Nobody noticed for months because the dashboard only showed percentage-based metrics — and the percentages happened to look reasonable.
The fix: We restructured into three Explores, each starting from the correct base table, with pre-aggregated summary tables for cross-domain metrics. Total audit and fix time: 2 days.

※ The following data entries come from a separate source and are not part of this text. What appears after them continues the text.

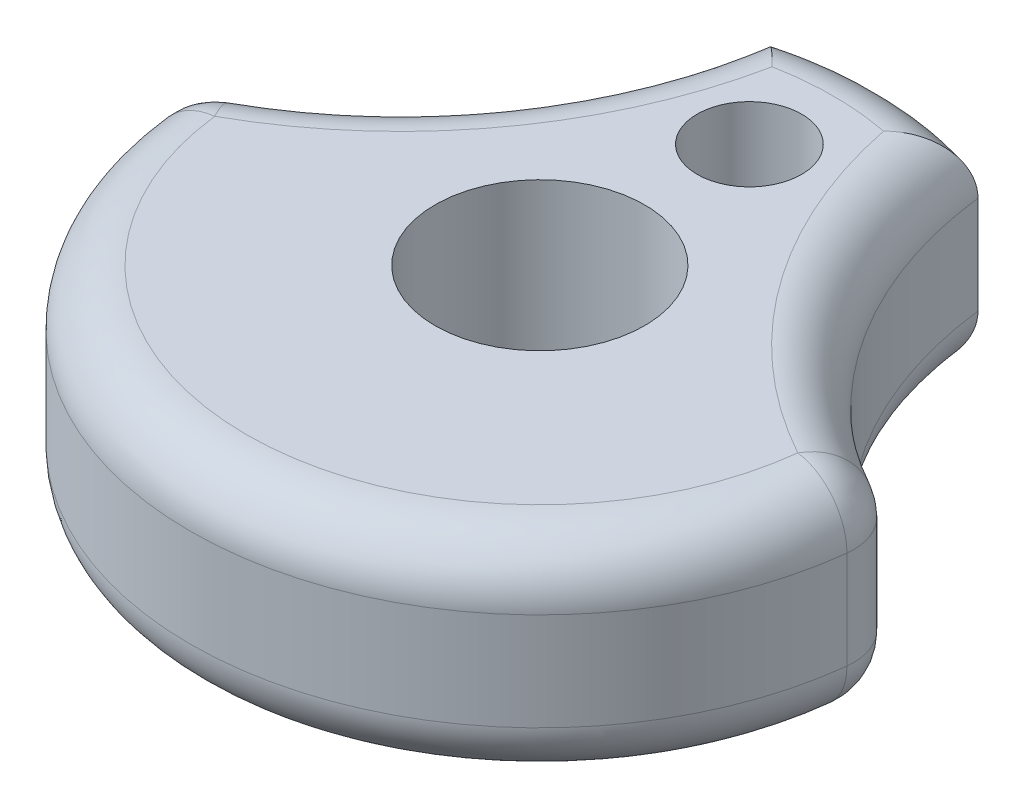
from build123d import *

# Parameters (mm, degrees)
BOSS_EXTRUDE1_DEPTH = 9.525
SKETCH2_R           = 4.7625
SKETCH2_R_2         = 2.3749
CUT_EXTRUDE1_DEPTH  = 10.525
FILLET4_R           = 2.54


with BuildPart() as part:
    # Sketch1 → Boss-Extrude1 (new body)
    with BuildSketch(Plane(origin=(0, 0, 0), x_dir=(1, 0, 0), z_dir=(0, 1, 0))):
        with BuildLine():
            ThreePointArc((-4.7752, 15.139785004), (-8.330712377, 6.107698439), (-15.875, 0))
            ThreePointArc((-15.875, 0), (0, -15.875), (15.875, 0))
            ThreePointArc((15.875, 0), (8.330712377, 6.107698439), (4.7752, 15.139785004))
            ThreePointArc((4.7752, 15.139785004), (0, 15.875), (-4.7752, 15.139785004))
        make_face()
    extrude(amount=BOSS_EXTRUDE1_DEPTH)

    # Sketch2 → Cut-Extrude1 (cut, through all)
    with BuildSketch(Plane(origin=(0, 9.525, 0), x_dir=(1, 0, 0), z_dir=(0, 1, 0))):
        Circle(SKETCH2_R)
        with Locations((0, 9.525)):
            Circle(SKETCH2_R_2)
    extrude(amount=-CUT_EXTRUDE1_DEPTH, mode=Mode.SUBTRACT)

    # Fillet4
    fillet4_edges = [part.edges().sort_by_distance(p)[0] for p in [
        (0, 9.525, 15.875),
        (8.330712377, 9.525, -6.107698439),
        (0, 9.525, -15.875),
        (8.330712377, 0, -6.107698439),
        (0, 0, 15.875),
        (-8.330712377, 0, -6.107698439),
        (0, 0, -15.875),
        (15.875, 4.7625, 0),
        (-15.875, 4.7625, 0),
        (-8.330712377, 9.525, -6.107698439),
    ]]
    fillet(fillet4_edges, radius=FILLET4_R)


solid = part.part
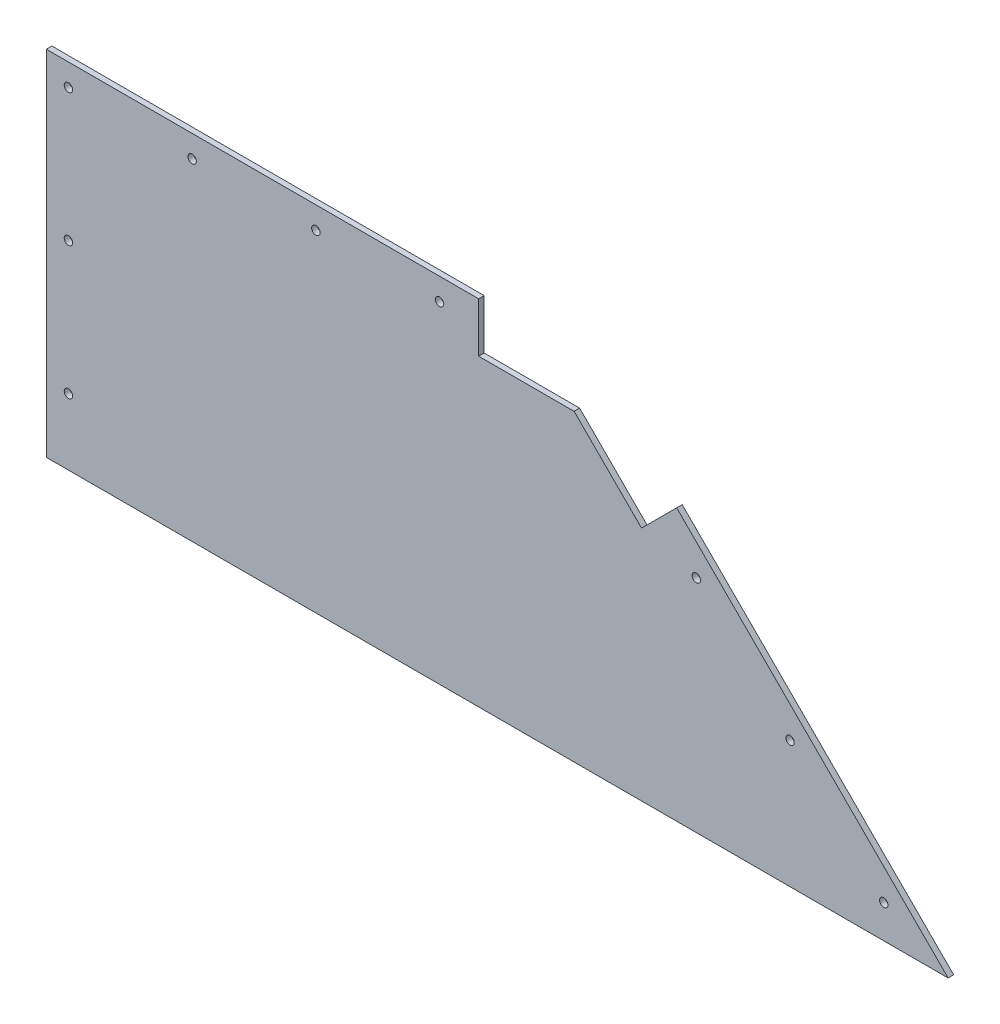
from build123d import *

# Parameters (mm, degrees)
BOSS_EXTRUDE1_DEPTH = 3.175
CUT_EXTRUDE1_REACH  = 5.175
SKETCH2_R           = 2.413
CUT_EXTRUDE2_REACH  = 5.175
SKETCH3_R           = 2.413
CUT_EXTRUDE3_REACH  = 5.175


with BuildPart() as part:
    # Sketch1 → Boss-Extrude1 (new body)
    with BuildSketch(Plane.XY):
        Polygon((315.214, 203.2), (518.414, 0), (127, 0), (0, 0), (0, 203.2), align=None)
    extrude(amount=BOSS_EXTRUDE1_DEPTH)

    # Sketch2 → Cut-Extrude1 (cut, up to next)
    with BuildSketch(Plane.XY.offset(3.175), mode=Mode.PRIVATE) as cut_extrude1_sk1:
        with Locations((12.7, 190.5)):
            Circle(SKETCH2_R)
    cut_extrude1_tool1 = extrude(cut_extrude1_sk1.sketch, amount=-CUT_EXTRUDE1_REACH, mode=Mode.PRIVATE) & part.part
    add(cut_extrude1_tool1.solids().sort_by_distance((12.7, 190.5, 3.175))[0], mode=Mode.SUBTRACT)
    # Sketch2 → Cut-Extrude1 (cut, up to next)
    with BuildSketch(Plane.XY.offset(3.175), mode=Mode.PRIVATE) as cut_extrude1_sk2:
        with Locations((83.82, 190.5)):
            Circle(SKETCH2_R)
    cut_extrude1_tool2 = extrude(cut_extrude1_sk2.sketch, amount=-CUT_EXTRUDE1_REACH, mode=Mode.PRIVATE) & part.part
    add(cut_extrude1_tool2.solids().sort_by_distance((83.82, 190.5, 3.175))[0], mode=Mode.SUBTRACT)
    # Sketch2 → Cut-Extrude1 (cut, up to next)
    with BuildSketch(Plane.XY.offset(3.175), mode=Mode.PRIVATE) as cut_extrude1_sk3:
        with Locations((154.94, 190.5)):
            Circle(SKETCH2_R)
    cut_extrude1_tool3 = extrude(cut_extrude1_sk3.sketch, amount=-CUT_EXTRUDE1_REACH, mode=Mode.PRIVATE) & part.part
    add(cut_extrude1_tool3.solids().sort_by_distance((154.94, 190.5, 3.175))[0], mode=Mode.SUBTRACT)
    # Sketch2 → Cut-Extrude1 (cut, up to next)
    with BuildSketch(Plane.XY.offset(3.175), mode=Mode.PRIVATE) as cut_extrude1_sk4:
        with Locations((226.06, 190.5)):
            Circle(SKETCH2_R)
    cut_extrude1_tool4 = extrude(cut_extrude1_sk4.sketch, amount=-CUT_EXTRUDE1_REACH, mode=Mode.PRIVATE) & part.part
    add(cut_extrude1_tool4.solids().sort_by_distance((226.06, 190.5, 3.175))[0], mode=Mode.SUBTRACT)
    # Sketch2 → Cut-Extrude1 (cut, up to next)
    with BuildSketch(Plane.XY.offset(3.175), mode=Mode.PRIVATE) as cut_extrude1_sk5:
        with Locations((12.7, 114.3)):
            Circle(SKETCH2_R)
    cut_extrude1_tool5 = extrude(cut_extrude1_sk5.sketch, amount=-CUT_EXTRUDE1_REACH, mode=Mode.PRIVATE) & part.part
    add(cut_extrude1_tool5.solids().sort_by_distance((12.7, 114.3, 3.175))[0], mode=Mode.SUBTRACT)
    # Sketch2 → Cut-Extrude1 (cut, up to next)
    with BuildSketch(Plane.XY.offset(3.175), mode=Mode.PRIVATE) as cut_extrude1_sk6:
        with Locations((12.7, 38.1)):
            Circle(SKETCH2_R)
    cut_extrude1_tool6 = extrude(cut_extrude1_sk6.sketch, amount=-CUT_EXTRUDE1_REACH, mode=Mode.PRIVATE) & part.part
    add(cut_extrude1_tool6.solids().sort_by_distance((12.7, 38.1, 3.175))[0], mode=Mode.SUBTRACT)

    # Sketch3 → Cut-Extrude2 (cut, up to next)
    with BuildSketch(Plane.XY.offset(3.175), mode=Mode.PRIVATE) as cut_extrude2_sk1:
        with Locations((481.403487758, 19.05)):
            Circle(SKETCH3_R)
    cut_extrude2_tool1 = extrude(cut_extrude2_sk1.sketch, amount=-CUT_EXTRUDE2_REACH, mode=Mode.PRIVATE) & part.part
    add(cut_extrude2_tool1.solids().sort_by_distance((481.403488, 19.05, 3.175))[0], mode=Mode.SUBTRACT)
    # Sketch3 → Cut-Extrude2 (cut, up to next)
    with BuildSketch(Plane.XY.offset(3.175), mode=Mode.PRIVATE) as cut_extrude2_sk2:
        with Locations((427.521951031, 72.931536726)):
            Circle(SKETCH3_R)
    cut_extrude2_tool2 = extrude(cut_extrude2_sk2.sketch, amount=-CUT_EXTRUDE2_REACH, mode=Mode.PRIVATE) & part.part
    add(cut_extrude2_tool2.solids().sort_by_distance((427.521951, 72.931537, 3.175))[0], mode=Mode.SUBTRACT)
    # Sketch3 → Cut-Extrude2 (cut, up to next)
    with BuildSketch(Plane.XY.offset(3.175), mode=Mode.PRIVATE) as cut_extrude2_sk3:
        with Locations((373.640414305, 126.813073453)):
            Circle(SKETCH3_R)
    cut_extrude2_tool3 = extrude(cut_extrude2_sk3.sketch, amount=-CUT_EXTRUDE2_REACH, mode=Mode.PRIVATE) & part.part
    add(cut_extrude2_tool3.solids().sort_by_distance((373.640414, 126.813073, 3.175))[0], mode=Mode.SUBTRACT)
    # Sketch3 → Cut-Extrude2 (cut, up to next)
    with BuildSketch(Plane.XY.offset(3.175), mode=Mode.PRIVATE) as cut_extrude2_sk4:
        with Locations((319.758877579, 180.694610179)):
            Circle(SKETCH3_R)
    cut_extrude2_tool4 = extrude(cut_extrude2_sk4.sketch, amount=-CUT_EXTRUDE2_REACH, mode=Mode.PRIVATE) & part.part
    add(cut_extrude2_tool4.solids().sort_by_distance((319.758878, 180.69461, 3.175))[0], mode=Mode.SUBTRACT)

    # Sketch4 → Cut-Extrude3 (cut, up to next)
    with BuildSketch(Plane.XY.offset(3.175), mode=Mode.PRIVATE) as cut_extrude3_sk1:
        Polygon((315.214, 203.2), (248.539, 203.2), (248.539, 174.625), (303.377847455, 174.625), (342.154768363, 135.848079092), (362.360344636, 156.053655364), align=None)
    cut_extrude3_tool1 = extrude(cut_extrude3_sk1.sketch, amount=-CUT_EXTRUDE3_REACH, mode=Mode.PRIVATE) & part.part
    add(cut_extrude3_tool1.solids().sort_by_distance((305.025183, 178.602019, 3.175))[0], mode=Mode.SUBTRACT)


solid = part.part
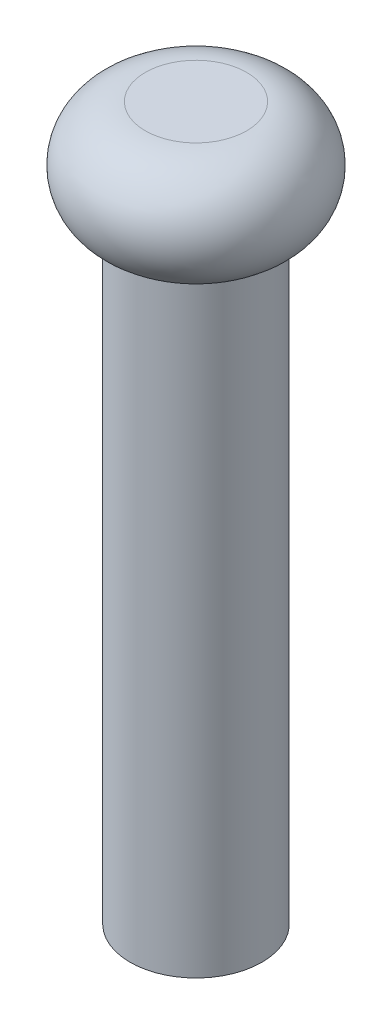
from build123d import *


with BuildPart() as part:
    # Sketch1 → Revolve1 (revolve)
    with BuildSketch(Plane.XY):
        with BuildLine():
            Line((0, 0), (1.25, 0))
            Line((1.25, 0), (1.25, 11.5))
            Line((1.25, 11.5), (1.36, 11.5))
            ThreePointArc((1.36, 11.5), (1.979803903, 12.663960781), (0.96, 13.5))
            Line((0.96, 13.5), (0, 13.5))
            Line((0, 13.5), (0, 0))
        make_face()
    revolve(axis=Axis((0, -100.325704338, 0), (0, 1, 0)))


solid = part.part

The client had been building dashboards on wrong data for over a year.
A Decision Framework
| Question | Answer | Action |
|---|---|---|
| Does the join increase row count? | No | Safe — no fanout |
| Does the join increase row count? | Yes | Fanout risk — check measures |
| Do you aggregate on the "one" side? | No | No impact even with fanout |
| Do you aggregate on the "one" side? | Yes | Fix required |
| Can you change the base table? | Yes | Pattern 1: Flip the Explore |
| Is the data available in dbt? | Yes | Pattern 2: Pre-aggregate |
| Neither option works? | — | Pattern 3: Use count_distinct + document the limitation |
Key Takeaways
- Fanouts are silent. Nothing breaks — numbers are just wrong.
- Always verify row counts before and after joins during development.
- Start from the "many" side when building Explores.
- Pre-aggregate in dbt when you need metrics from both sides of a one-to-many relationship.
- Declare relationships correctly in your LookML —
many_to_onevsone_to_manymatters for Looker's symmetric aggregation logic.